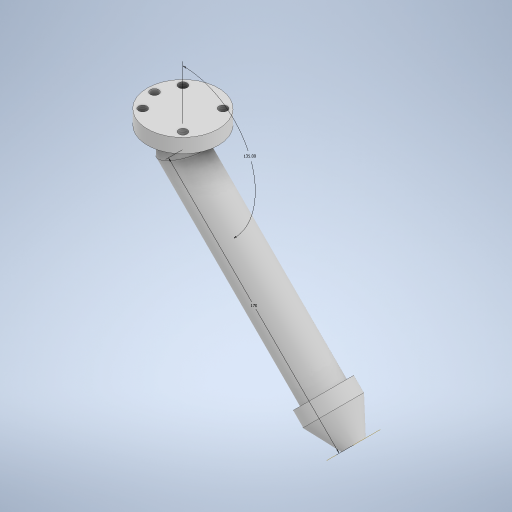
# Autodesk Inventor part: Herramienta total
Saved by Autodesk Inventor 2024 (Build 280153000, 153)
## iProperties
Created: 2024-02-19
Part Number: Herramienta total
Material: Genérico
Document SubType Name: Modeling
Designer: Juan David
Density: 1 g/cm^3
Appearance: Valor por defecto
Author: Juan David
Autodesk Inventor part; units mm, degrees
ref_plane "YZ Plane" through (0, 0, 0) normal (1, 0, 0) x (0, 1, 0)
ref_plane "XZ Plane" through (0, 0, 0) normal (0, 1, 0) x (-1, 0, 0)
ref_plane "XY Plane" through (0, 0, 0) normal (0, 0, 1) x (1, 0, 0)
sketch "Boceto1" plane through (0, 0, 0) normal (0, 1, 0) x (-1, 0, 0)
  circle A0 centre (0, 0) radius 25
  circle A1 centre (0, 0) radius 20
  line L0 (0, 0) -> (25, 0)
  line L1 (0, 0) -> (17.67767, -17.67767)
  line L2 (0, 0) -> (25, 0) construction
  line L3 (0, 0) -> (17.67767, 17.67767)
  line L4 (0, 0) -> (25, 0) construction
  line L5 (0, 0) -> (-17.67767, -17.67767)
  line L6 (0, 0) -> (-17.67767, 17.67767)
  circle A2 centre (20, 0) radius 3
  circle A3 centre (14.142136, -14.142136) radius 3
  circle A4 centre (14.142136, 14.142136) radius 3
  circle A5 centre (-14.142136, 14.142136) radius 3
  circle A6 centre (-14.142136, -14.142136) radius 3
  point P0 (16.098382, 11.867691)
  point P1 (11.867691, 16.098382)
  dimension "d0" = 50
  dimension "d1" = 40
  dimension "d2" = 45
  dimension "d3" = 45
  dimension "d4" = 6
  dimension "d5" = 6
  dimension "d6" = 6
  dimension "d7" = 6
  dimension "d8" = 6
  constraints: 14 end point, 10 point on circle, 7 centre point, 7 point on line, 3 horizontal, 2 coincident, 2 equal length
  measures "d0" diameter of A0
  measures "d1" diameter of A1
  measures "d2" angle of L1 L2
  measures "d3" angle of L4 L3
  measures "d4" diameter of A2
  measures "d5" diameter of A3
  measures "d6" diameter of A4
  measures "d7" diameter of A5
  measures "d8" diameter of A6
extrude "Extrusión1" add sketch "Boceto1" along normal blind 10 contours L0 A2 A1 A4 L3 A0 | A0 L1 A3 A1 A2 L0 | L3 A4 A1 A5 L6 A0 | A0 L5 A6 A1 A3 L1 | L6 A5 A1 A6 L5 A0 | A2 L0 L3 A4 A1 | A1 A3 L1 L0 A2 | A4 L3 L6 A5 A1 | A1 A6 L5 L1 A3 | A5 L6 L5 A6 A1
thread "Rosca1"
thread "Rosca2"
thread "Rosca3"
thread "Rosca4"
sketch "Boceto7" plane through (0, 0, 0) normal (0, 0, 1) x (1, 0, 0)
  line L0 (0, 0) -> (0, -15)
  line L1 (0, -15) -> (98.994949, -113.994949)
  dimension "d31" = 15
  dimension "d32" = 140
  dimension "d33" = 135
  constraints: 4 end point, 1 vertical
  measures "d31" distance of L0.start L0.end
  measures "d32" distance of L0.end L1.end
  measures "d33" angle of L1 L0
sketch "Boceto8" plane through (0, 0, 0) normal (0, -1, 0) x (1, 0, 0)
  circle A0 centre (0, 0) radius 13.5
  dimension "d34" = 27
  constraints: 1 centre point, 1 coincident
  measures "d34" diameter of A0
sweep "Barrido1" add profiles "Boceto8" path "Boceto7"
sketch "Boceto13" plane through (0, 0, 0) normal (0, 0, 1) x (1, 0, 0)
  line L0 (0, 0) -> (0, -15)
  line L1 (0, -15) -> (120.208153, -135.208153)
  dimension "d48" = 170
  dimension "d49" = 135
  constraints: 4 end point, 1 vertical
  measures "d48" distance of L0.end L1.end
  measures "d49" angle of L1 L0
sketch "Boceto14" plane through (98.994949, -113.994949, 0) normal (0.7071068, -0.7071068, 0) x (-0.7071068, -0.7071068, 0)
  ellipse E0 centre (-17.67767, 0) end of major axis (-17.67767, -25) minor radius 17.67767
  circle A0 centre (0, 0) radius 17.5
  point P0 (-10.606602, 0)
  dimension "d50" = 35
  constraints: 1 centre point, 1 horizontal alignment, 1 other
  measures "d50" diameter of A0
extrude "Extrusión9" add sketch "Boceto14" along normal blind 10 contours A0 E0 | E0 A0 picked at (-5.916701, -1.209366) picked at (5.555683, -1.849173)
ref_plane "Plano de trabajo1" through (120.208153, -135.208153, 0) normal (0.7071068, -0.7071068, 0) x (0.7071068, 0.7071068, 0)
sketch "Boceto16" plane through (120.208153, -135.208153, 0) normal (0.7071068, -0.7071068, 0) x (0.7071068, 0.7071068, 0)
  ellipse E0 centre (17.67767, 0) end of major axis (17.67767, 25) minor radius 17.67767
  circle A0 centre (0, 0) radius 7
  point P0 (10.606602, 0)
  dimension "d58" = 14
  constraints: 1 centre point, 1 horizontal alignment, 1 other
  measures "d58" diameter of A0
sketch "Boceto16 outline for Extrusión10" plane through (120.208153, -135.208153, 0) normal (0.7071068, -0.7071068, 0) x (0.7071068, 0.7071068, 0)
  circle A0 centre (0, 0) radius 7
extrude "Extrusión10" add sketch "Boceto16 outline for Extrusión10" against normal blind 20 draft 28
§
PROBLEM STATEMENT. Everything in the records above must be repeated exactly, apart from the pictures.

WRITTEN SOLUTION.
# Autodesk Inventor part: Herramienta total
Saved by Autodesk Inventor 2024 (Build 280153000, 153)
## iProperties
Created: 2024-02-19
Part Number: Herramienta total
Material: Genérico
Document SubType Name: Modeling
Designer: Juan David
Density: 1 g/cm^3
Appearance: Valor por defecto
Author: Juan David
Autodesk Inventor part; units mm, degrees
ref_plane "YZ Plane" through (0, 0, 0) normal (1, 0, 0) x (0, 1, 0)
ref_plane "XZ Plane" through (0, 0, 0) normal (0, 1, 0) x (-1, 0, 0)
ref_plane "XY Plane" through (0, 0, 0) normal (0, 0, 1) x (1, 0, 0)
sketch "Boceto1" plane through (0, 0, 0) normal (0, 1, 0) x (-1, 0, 0)
  circle A0 centre (0, 0) radius 25
  circle A1 centre (0, 0) radius 20
  line L0 (0, 0) -> (25, 0)
  line L1 (0, 0) -> (17.67767, -17.67767)
  line L2 (0, 0) -> (25, 0) construction
  line L3 (0, 0) -> (17.67767, 17.67767)
  line L4 (0, 0) -> (25, 0) construction
  line L5 (0, 0) -> (-17.67767, -17.67767)
  line L6 (0, 0) -> (-17.67767, 17.67767)
  circle A2 centre (20, 0) radius 3
  circle A3 centre (14.142136, -14.142136) radius 3
  circle A4 centre (14.142136, 14.142136) radius 3
  circle A5 centre (-14.142136, 14.142136) radius 3
  circle A6 centre (-14.142136, -14.142136) radius 3
  point P0 (16.098382, 11.867691)
  point P1 (11.867691, 16.098382)
  dimension "d0" = 50
  dimension "d1" = 40
  dimension "d2" = 45
  dimension "d3" = 45
  dimension "d4" = 6
  dimension "d5" = 6
  dimension "d6" = 6
  dimension "d7" = 6
  dimension "d8" = 6
  constraints: 14 end point, 10 point on circle, 7 centre point, 7 point on line, 3 horizontal, 2 coincident, 2 equal length
  measures "d0" diameter of A0
  measures "d1" diameter of A1
  measures "d2" angle of L1 L2
  measures "d3" angle of L4 L3
  measures "d4" diameter of A2
  measures "d5" diameter of A3
  measures "d6" diameter of A4
  measures "d7" diameter of A5
  measures "d8" diameter of A6
extrude "Extrusión1" add sketch "Boceto1" along normal blind 10 contours L0 A2 A1 A4 L3 A0 | A0 L1 A3 A1 A2 L0 | L3 A4 A1 A5 L6 A0 | A0 L5 A6 A1 A3 L1 | L6 A5 A1 A6 L5 A0 | A2 L0 L3 A4 A1 | A1 A3 L1 L0 A2 | A4 L3 L6 A5 A1 | A1 A6 L5 L1 A3 | A5 L6 L5 A6 A1
thread "Rosca1"
thread "Rosca2"
thread "Rosca3"
thread "Rosca4"
sketch "Boceto7" plane through (0, 0, 0) normal (0, 0, 1) x (1, 0, 0)
  line L0 (0, 0) -> (0, -15)
  line L1 (0, -15) -> (98.994949, -113.994949)
  dimension "d31" = 15
  dimension "d32" = 140
  dimension "d33" = 135
  constraints: 4 end point, 1 vertical
  measures "d31" distance of L0.start L0.end
  measures "d32" distance of L0.end L1.end
  measures "d33" angle of L1 L0
sketch "Boceto8" plane through (0, 0, 0) normal (0, -1, 0) x (1, 0, 0)
  circle A0 centre (0, 0) radius 13.5
  dimension "d34" = 27
  constraints: 1 centre point, 1 coincident
  measures "d34" diameter of A0
sweep "Barrido1" add profiles "Boceto8" path "Boceto7"
sketch "Boceto13" plane through (0, 0, 0) normal (0, 0, 1) x (1, 0, 0)
  line L0 (0, 0) -> (0, -15)
  line L1 (0, -15) -> (120.208153, -135.208153)
  dimension "d48" = 170
  dimension "d49" = 135
  constraints: 4 end point, 1 vertical
  measures "d48" distance of L0.end L1.end
  measures "d49" angle of L1 L0
sketch "Boceto14" plane through (98.994949, -113.994949, 0) normal (0.7071068, -0.7071068, 0) x (-0.7071068, -0.7071068, 0)
  ellipse E0 centre (-17.67767, 0) end of major axis (-17.67767, -25) minor radius 17.67767
  circle A0 centre (0, 0) radius 17.5
  point P0 (-10.606602, 0)
  dimension "d50" = 35
  constraints: 1 centre point, 1 horizontal alignment, 1 other
  measures "d50" diameter of A0
extrude "Extrusión9" add sketch "Boceto14" along normal blind 10 contours A0 E0 | E0 A0 picked at (-5.916701, -1.209366) picked at (5.555683, -1.849173)
ref_plane "Plano de trabajo1" through (120.208153, -135.208153, 0) normal (0.7071068, -0.7071068, 0) x (0.7071068, 0.7071068, 0)
sketch "Boceto16" plane through (120.208153, -135.208153, 0) normal (0.7071068, -0.7071068, 0) x (0.7071068, 0.7071068, 0)
  ellipse E0 centre (17.67767, 0) end of major axis (17.67767, 25) minor radius 17.67767
  circle A0 centre (0, 0) radius 7
  point P0 (10.606602, 0)
  dimension "d58" = 14
  constraints: 1 centre point, 1 horizontal alignment, 1 other
  measures "d58" diameter of A0
sketch "Boceto16 outline for Extrusión10" plane through (120.208153, -135.208153, 0) normal (0.7071068, -0.7071068, 0) x (0.7071068, 0.7071068, 0)
  circle A0 centre (0, 0) radius 7
extrude "Extrusión10" add sketch "Boceto16 outline for Extrusión10" against normal blind 20 draft 28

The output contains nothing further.